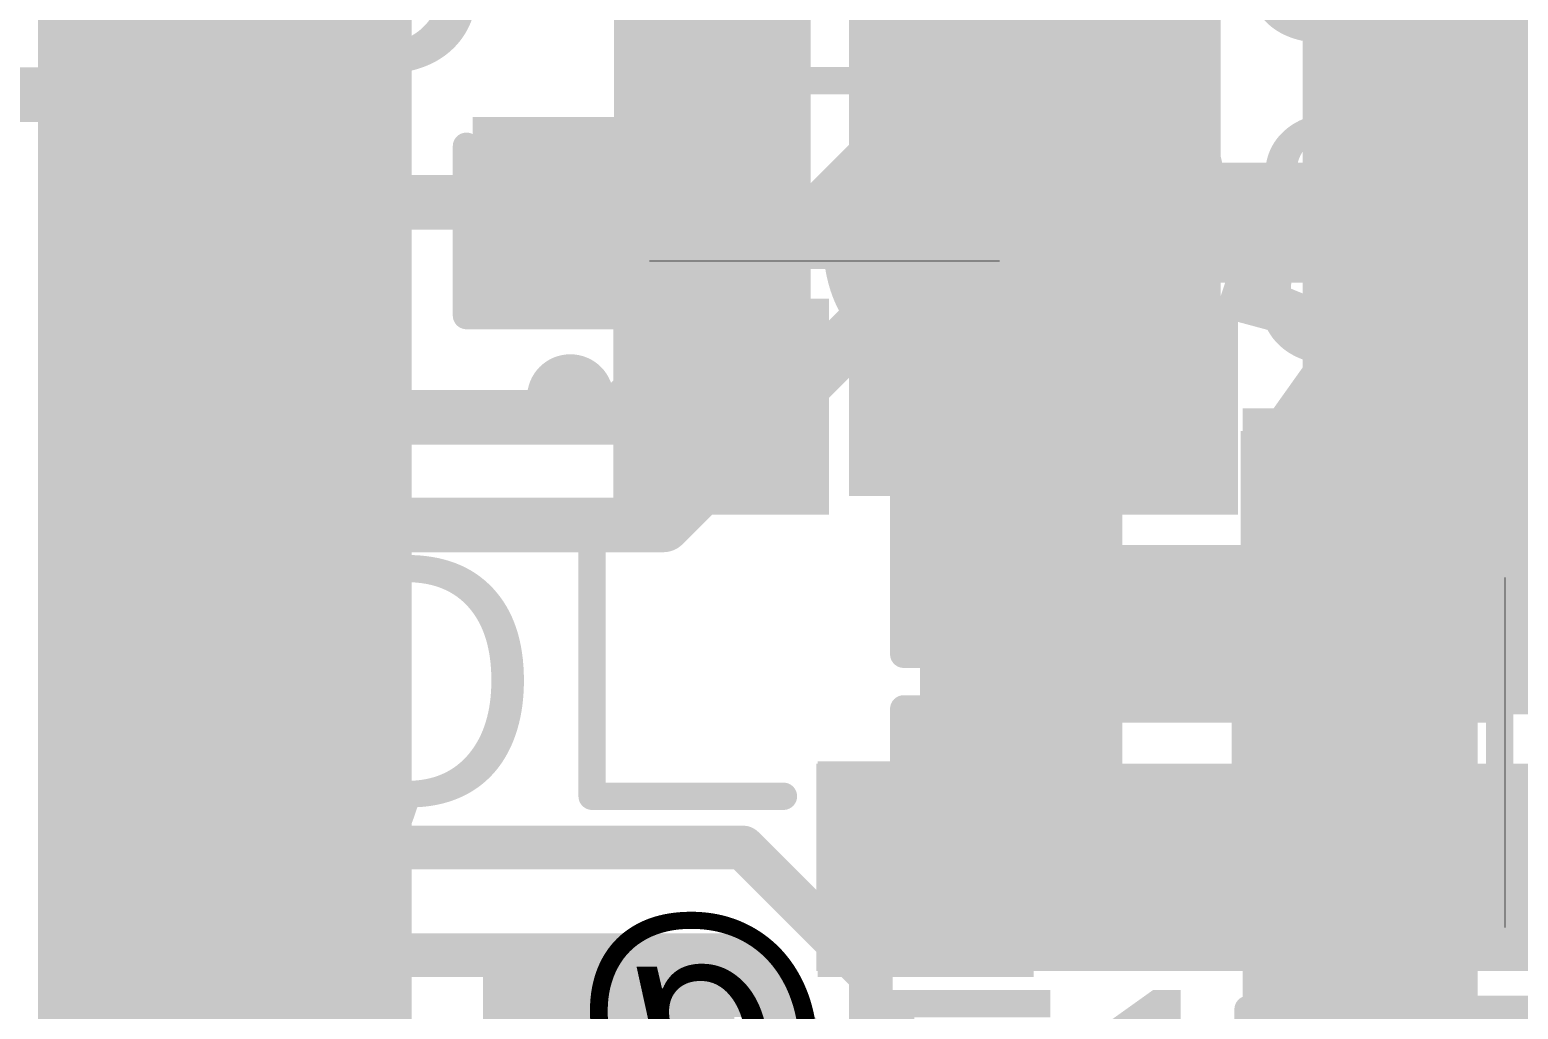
# Model space of a CAD drawing. Header units: millimetres. Extents: x -0.27 to 3.22, y -0.27 to 1.91.
# Drawn here: x 1.5981 to 1.8704, y 1.431 to 1.6103 of the extents above; entities that cross this region are included whole.
import ezdxf

# ---------------------------------------------------------------- set-up
doc = ezdxf.new("R2010")
doc.units = ezdxf.units.MM
doc.header["$MEASUREMENT"] = 0
for name, color, linetype in [('BottomLayer', 5, 'Continuous'), ('BottomOverlay', 54, 'Continuous'), ('BottomPaste', 16, 'Continuous'), ('BottomSolder', 6, 'Continuous'), ('TopLayer', 1, 'Continuous'), ('TopOverlay', 2, 'Continuous'), ('TopPaste', 8, 'Continuous'), ('TopSolder', 216, 'Continuous'), ('ViaHoleLayer', 16, 'Continuous')]:
    doc.layers.add(name, color=color, linetype=linetype)
doc.styles.add('Arial', font='', dxfattribs={"height": 0.2})
doc.styles.get('Arial').set_extended_font_data('Arial')

# ---------------------------------------------------------------- blocks, each defined once
blk = doc.blocks.new('C__0603_3')
at = {"layer": 'TopLayer'}
for points in [[(-0.015, 0.0175), (-0.015, -0.0175), (-0.045, -0.0175), (-0.045, 0.0175)], [(0.045, 0.0175), (0.045, -0.0175), (0.015, -0.0175), (0.015, 0.0175)]]:
    blk.add_hatch(color=1, dxfattribs=at).paths.add_polyline_path(points)
at = {"layer": 'TopPaste'}
for points in [[(-0.015, 0.0175), (-0.015, -0.0175), (-0.045, -0.0175), (-0.045, 0.0175)], [(0.045, 0.0175), (0.045, -0.0175), (0.015, -0.0175), (0.015, 0.0175)]]:
    blk.add_hatch(color=8, dxfattribs=at).paths.add_polyline_path(points)
at = {"layer": 'TopSolder'}
for points in [[(-0.01264, 0.01986), (-0.01264, -0.01986), (-0.04736, -0.01986), (-0.04736, 0.01986)], [(0.04736, 0.01986), (0.04736, -0.01986), (0.01264, -0.01986), (0.01264, 0.01986)]]:
    blk.add_hatch(color=216, dxfattribs=at).paths.add_polyline_path(points)
at = {"layer": 'TopOverlay', "const_width": 0.005}
for points in [[(-0.049, 0.021), (-0.049, -0.021)], [(-0.018, 0.021), (-0.049, 0.021)], [(0.049, 0.021), (0.018, 0.021)], [(0.049, 0.021), (0.049, -0.021)], [(-0.018, -0.021), (-0.049, -0.021)], [(0.049, -0.021), (0.018, -0.021)]]:
    blk.add_lwpolyline(points, dxfattribs=at)
at = {"layer": 'TopOverlay', "const_width": 0.0025}
for points in [[(-0.05025, 0.021, 1), (-0.04775, 0.021, 1)], [(-0.05025, 0.021, 1), (-0.04775, 0.021, 1)], [(-0.01925, 0.021, 1), (-0.01675, 0.021, 1)], [(0.01675, 0.021, 1), (0.01925, 0.021, 1)], [(0.04775, 0.021, 1), (0.05025, 0.021, 1)], [(0.04775, 0.021, 1), (0.05025, 0.021, 1)], [(-0.05025, -0.021, 1), (-0.04775, -0.021, 1)], [(-0.05025, -0.021, 1), (-0.04775, -0.021, 1)], [(-0.01925, -0.021, 1), (-0.01675, -0.021, 1)], [(0.01675, -0.021, 1), (0.01925, -0.021, 1)], [(0.04775, -0.021, 1), (0.05025, -0.021, 1)], [(0.04775, -0.021, 1), (0.05025, -0.021, 1)]]:
    blk.add_lwpolyline(points, format="xyb", close=True, dxfattribs=at)
blk = doc.blocks.new('C__0603_7')
at = {"layer": 'TopLayer'}
for points in [[(-0.015, 0.0175), (-0.015, -0.0175), (-0.045, -0.0175), (-0.045, 0.0175)], [(0.045, 0.0175), (0.045, -0.0175), (0.015, -0.0175), (0.015, 0.0175)]]:
    blk.add_hatch(color=1, dxfattribs=at).paths.add_polyline_path(points)
at = {"layer": 'TopPaste'}
for points in [[(-0.015, 0.0175), (-0.015, -0.0175), (-0.045, -0.0175), (-0.045, 0.0175)], [(0.045, 0.0175), (0.045, -0.0175), (0.015, -0.0175), (0.015, 0.0175)]]:
    blk.add_hatch(color=8, dxfattribs=at).paths.add_polyline_path(points)
at = {"layer": 'TopSolder'}
for points in [[(-0.01264, 0.01986), (-0.01264, -0.01986), (-0.04736, -0.01986), (-0.04736, 0.01986)], [(0.04736, 0.01986), (0.04736, -0.01986), (0.01264, -0.01986), (0.01264, 0.01986)]]:
    blk.add_hatch(color=216, dxfattribs=at).paths.add_polyline_path(points)
at = {"layer": 'TopOverlay', "const_width": 0.005}
for points in [[(-0.049, 0.021), (-0.018, 0.021)], [(-0.049, 0.021), (-0.049, -0.021)], [(0.018, 0.021), (0.049, 0.021)], [(0.049, 0.021), (0.049, -0.021)], [(-0.049, -0.021), (-0.018, -0.021)], [(0.018, -0.021), (0.049, -0.021)]]:
    blk.add_lwpolyline(points, dxfattribs=at)
at = {"layer": 'TopOverlay', "const_width": 0.0025}
for points in [[(-0.05025, 0.021, 1), (-0.04775, 0.021, 1)], [(-0.05025, 0.021, 1), (-0.04775, 0.021, 1)], [(-0.01925, 0.021, 1), (-0.01675, 0.021, 1)], [(0.01675, 0.021, 1), (0.01925, 0.021, 1)], [(0.04775, 0.021, 1), (0.05025, 0.021, 1)], [(0.04775, 0.021, 1), (0.05025, 0.021, 1)], [(-0.05025, -0.021, 1), (-0.04775, -0.021, 1)], [(-0.05025, -0.021, 1), (-0.04775, -0.021, 1)], [(-0.01925, -0.021, 1), (-0.01675, -0.021, 1)], [(0.01675, -0.021, 1), (0.01925, -0.021, 1)], [(0.04775, -0.021, 1), (0.05025, -0.021, 1)], [(0.04775, -0.021, 1), (0.05025, -0.021, 1)]]:
    blk.add_lwpolyline(points, format="xyb", close=True, dxfattribs=at)
blk = doc.blocks.new('LQFP_100_18')
at = {"layer": 'TopLayer'}
for points in [[(0.2815, 0.22244), (0.32874, 0.22244), (0.32874, 0.21063), (0.2815, 0.21063)], [(0.2815, 0.20276), (0.32874, 0.20276), (0.32874, 0.19094), (0.2815, 0.19094)], [(0.2815, 0.18307), (0.32874, 0.18307), (0.32874, 0.17126), (0.2815, 0.17126)], [(0.2815, 0.16339), (0.32874, 0.16339), (0.32874, 0.15157), (0.2815, 0.15157)], [(0.2815, 0.1437), (0.32874, 0.1437), (0.32874, 0.13189), (0.2815, 0.13189)], [(0.2815, 0.12402), (0.32874, 0.12402), (0.32874, 0.1122), (0.2815, 0.1122)], [(0.2815, 0.10433), (0.32874, 0.10433), (0.32874, 0.09252), (0.2815, 0.09252)], [(0.2815, 0.08465), (0.32874, 0.08465), (0.32874, 0.07283), (0.2815, 0.07283)], [(0.2815, 0.06496), (0.32874, 0.06496), (0.32874, 0.05315), (0.2815, 0.05315)]]:
    blk.add_hatch(color=1, dxfattribs=at).paths.add_polyline_path(points)
at = {"layer": 'TopPaste'}
for points in [[(0.2815, 0.22244), (0.32874, 0.22244), (0.32874, 0.21063), (0.2815, 0.21063)], [(0.2815, 0.20276), (0.32874, 0.20276), (0.32874, 0.19094), (0.2815, 0.19094)], [(0.2815, 0.18307), (0.32874, 0.18307), (0.32874, 0.17126), (0.2815, 0.17126)], [(0.2815, 0.16339), (0.32874, 0.16339), (0.32874, 0.15157), (0.2815, 0.15157)], [(0.2815, 0.1437), (0.32874, 0.1437), (0.32874, 0.13189), (0.2815, 0.13189)], [(0.2815, 0.12402), (0.32874, 0.12402), (0.32874, 0.1122), (0.2815, 0.1122)], [(0.2815, 0.10433), (0.32874, 0.10433), (0.32874, 0.09252), (0.2815, 0.09252)], [(0.2815, 0.08465), (0.32874, 0.08465), (0.32874, 0.07283), (0.2815, 0.07283)], [(0.2815, 0.06496), (0.32874, 0.06496), (0.32874, 0.05315), (0.2815, 0.05315)]]:
    blk.add_hatch(color=8, dxfattribs=at).paths.add_polyline_path(points)
at = {"layer": 'TopSolder'}
for points in [[(0.2775, 0.24613), (0.33274, 0.24613), (0.33274, 0.22631), (0.2775, 0.22631)], [(0.2775, 0.22644), (0.33274, 0.22644), (0.33274, 0.20663), (0.2775, 0.20663)], [(0.2775, 0.20676), (0.33274, 0.20676), (0.33274, 0.18694), (0.2775, 0.18694)], [(0.2775, 0.18707), (0.33274, 0.18707), (0.33274, 0.16726), (0.2775, 0.16726)], [(0.2775, 0.16739), (0.33274, 0.16739), (0.33274, 0.14757), (0.2775, 0.14757)], [(0.2775, 0.1477), (0.33274, 0.1477), (0.33274, 0.12789), (0.2775, 0.12789)], [(0.2775, 0.12802), (0.33274, 0.12802), (0.33274, 0.1082), (0.2775, 0.1082)], [(0.2775, 0.10833), (0.33274, 0.10833), (0.33274, 0.08852), (0.2775, 0.08852)], [(0.2775, 0.08865), (0.33274, 0.08865), (0.33274, 0.06883), (0.2775, 0.06883)], [(0.2775, 0.06896), (0.33274, 0.06896), (0.33274, 0.04915), (0.2775, 0.04915)], [(0.2775, 0.04928), (0.33274, 0.04928), (0.33274, 0.02946), (0.2775, 0.02946)]]:
    blk.add_hatch(color=216, dxfattribs=at).paths.add_polyline_path(points)
blk = doc.blocks.new('R__0603_23')
at = {"layer": 'TopLayer'}
for points in [[(-0.015, 0.0175), (-0.015, -0.0175), (-0.045, -0.0175), (-0.045, 0.0175)], [(0.045, 0.0175), (0.045, -0.0175), (0.015, -0.0175), (0.015, 0.0175)]]:
    blk.add_hatch(color=1, dxfattribs=at).paths.add_polyline_path(points)
at = {"layer": 'TopPaste'}
for points in [[(-0.015, 0.0175), (-0.015, -0.0175), (-0.045, -0.0175), (-0.045, 0.0175)], [(0.045, 0.0175), (0.045, -0.0175), (0.015, -0.0175), (0.015, 0.0175)]]:
    blk.add_hatch(color=8, dxfattribs=at).paths.add_polyline_path(points)
at = {"layer": 'TopSolder'}
for points in [[(-0.011, 0.0215), (-0.011, -0.0215), (-0.049, -0.0215), (-0.049, 0.0215)], [(0.049, 0.0215), (0.049, -0.0215), (0.011, -0.0215), (0.011, 0.0215)]]:
    blk.add_hatch(color=216, dxfattribs=at).paths.add_polyline_path(points)
at = {"layer": 'TopOverlay', "const_width": 0.005}
for points in [[(-0.049, 0.021), (-0.049, -0.021)], [(0.049, 0.021), (-0.049, 0.021)], [(0.049, 0.021), (0.049, -0.021)], [(0.049, -0.021), (-0.049, -0.021)]]:
    blk.add_lwpolyline(points, dxfattribs=at)
at = {"layer": 'TopOverlay', "const_width": 0.0025}
for points in [[(-0.05025, 0.021, 1), (-0.04775, 0.021, 1)], [(-0.05025, 0.021, 1), (-0.04775, 0.021, 1)], [(0.04775, 0.021, 1), (0.05025, 0.021, 1)], [(0.04775, 0.021, 1), (0.05025, 0.021, 1)], [(-0.05025, -0.021, 1), (-0.04775, -0.021, 1)], [(-0.05025, -0.021, 1), (-0.04775, -0.021, 1)], [(0.04775, -0.021, 1), (0.05025, -0.021, 1)], [(0.04775, -0.021, 1), (0.05025, -0.021, 1)]]:
    blk.add_lwpolyline(points, format="xyb", close=True, dxfattribs=at)
blk = doc.blocks.new('R__0603_24')
at = {"layer": 'TopLayer'}
for points in [[(-0.015, 0.0175), (-0.015, -0.0175), (-0.045, -0.0175), (-0.045, 0.0175)], [(0.045, 0.0175), (0.045, -0.0175), (0.015, -0.0175), (0.015, 0.0175)]]:
    blk.add_hatch(color=1, dxfattribs=at).paths.add_polyline_path(points)
at = {"layer": 'TopPaste'}
for points in [[(-0.015, 0.0175), (-0.015, -0.0175), (-0.045, -0.0175), (-0.045, 0.0175)], [(0.045, 0.0175), (0.045, -0.0175), (0.015, -0.0175), (0.015, 0.0175)]]:
    blk.add_hatch(color=8, dxfattribs=at).paths.add_polyline_path(points)
at = {"layer": 'TopSolder'}
for points in [[(-0.011, 0.0215), (-0.011, -0.0215), (-0.049, -0.0215), (-0.049, 0.0215)], [(0.049, 0.0215), (0.049, -0.0215), (0.011, -0.0215), (0.011, 0.0215)]]:
    blk.add_hatch(color=216, dxfattribs=at).paths.add_polyline_path(points)
at = {"layer": 'TopOverlay', "const_width": 0.005}
for points in [[(-0.049, -0.021), (-0.049, 0.021)], [(-0.049, 0.021), (0.049, 0.021)], [(0.049, -0.021), (0.049, 0.021)], [(-0.049, -0.021), (0.049, -0.021)]]:
    blk.add_lwpolyline(points, dxfattribs=at)
at = {"layer": 'TopOverlay', "const_width": 0.0025}
for points in [[(-0.05025, 0.021, 1), (-0.04775, 0.021, 1)], [(-0.05025, 0.021, 1), (-0.04775, 0.021, 1)], [(0.04775, 0.021, 1), (0.05025, 0.021, 1)], [(0.04775, 0.021, 1), (0.05025, 0.021, 1)], [(-0.05025, -0.021, 1), (-0.04775, -0.021, 1)], [(-0.05025, -0.021, 1), (-0.04775, -0.021, 1)], [(0.04775, -0.021, 1), (0.05025, -0.021, 1)], [(0.04775, -0.021, 1), (0.05025, -0.021, 1)]]:
    blk.add_lwpolyline(points, format="xyb", close=True, dxfattribs=at)
blk = doc.blocks.new('R__0603_B_38')
at = {"layer": 'BottomLayer'}
for points in [[(-0.045, -0.0175), (-0.045, 0.0175), (-0.015, 0.0175), (-0.015, -0.0175)], [(0.015, -0.0175), (0.015, 0.0175), (0.045, 0.0175), (0.045, -0.0175)]]:
    blk.add_hatch(color=5, dxfattribs=at).paths.add_polyline_path(points)
at = {"layer": 'BottomPaste'}
for points in [[(-0.045, -0.0175), (-0.045, 0.0175), (-0.015, 0.0175), (-0.015, -0.0175)], [(0.015, -0.0175), (0.015, 0.0175), (0.045, 0.0175), (0.045, -0.0175)]]:
    blk.add_hatch(color=16, dxfattribs=at).paths.add_polyline_path(points)
at = {"layer": 'BottomSolder'}
for points in [[(-0.049, -0.0215), (-0.049, 0.0215), (-0.011, 0.0215), (-0.011, -0.0215)], [(0.011, -0.0215), (0.011, 0.0215), (0.049, 0.0215), (0.049, -0.0215)]]:
    blk.add_hatch(color=6, dxfattribs=at).paths.add_polyline_path(points)
at = {"layer": 'BottomOverlay', "const_width": 0.005}
for points in [[(0.049, 0.021), (-0.049, 0.021)], [(-0.049, 0.021), (-0.049, -0.021)], [(0.049, 0.021), (0.049, -0.021)], [(0.049, -0.021), (-0.049, -0.021)]]:
    blk.add_lwpolyline(points, dxfattribs=at)
at = {"layer": 'BottomOverlay', "const_width": 0.0025}
for points in [[(-0.05025, 0.021, 1), (-0.04775, 0.021, 1)], [(-0.05025, 0.021, 1), (-0.04775, 0.021, 1)], [(0.04775, 0.021, 1), (0.05025, 0.021, 1)], [(0.04775, 0.021, 1), (0.05025, 0.021, 1)], [(-0.05025, -0.021, 1), (-0.04775, -0.021, 1)], [(-0.05025, -0.021, 1), (-0.04775, -0.021, 1)], [(0.04775, -0.021, 1), (0.05025, -0.021, 1)], [(0.04775, -0.021, 1), (0.05025, -0.021, 1)]]:
    blk.add_lwpolyline(points, format="xyb", close=True, dxfattribs=at)
blk = doc.blocks.new('R__0402_B_151')
at = {"layer": 'BottomLayer'}
for points in [[(-0.0095, 0.0125), (-0.0095, -0.0125), (-0.0275, -0.0125), (-0.0275, 0.0125)], [(0.0275, 0.0125), (0.0275, -0.0125), (0.0095, -0.0125), (0.0095, 0.0125)]]:
    blk.add_hatch(color=5, dxfattribs=at).paths.add_polyline_path(points)
at = {"layer": 'BottomPaste'}
for points in [[(-0.0095, 0.0125), (-0.0095, -0.0125), (-0.0275, -0.0125), (-0.0275, 0.0125)], [(0.0275, 0.0125), (0.0275, -0.0125), (0.0095, -0.0125), (0.0095, 0.0125)]]:
    blk.add_hatch(color=16, dxfattribs=at).paths.add_polyline_path(points)
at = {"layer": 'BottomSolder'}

—————

● **Work instructions**
Look through the listing above. Pick out each line with "linetype" and copy it.

● **Solution below**
for name, color, linetype in [('BottomLayer', 5, 'Continuous'), ('BottomOverlay', 54, 'Continuous'), ('BottomPaste', 16, 'Continuous'), ('BottomSolder', 6, 'Continuous'), ('TopLayer', 1, 'Continuous'), ('TopOverlay', 2, 'Continuous'), ('TopPaste', 8, 'Continuous'), ('TopSolder', 216, 'Continuous'), ('ViaHoleLayer', 16, 'Continuous')]:
    doc.layers.add(name, color=color, linetype=linetype)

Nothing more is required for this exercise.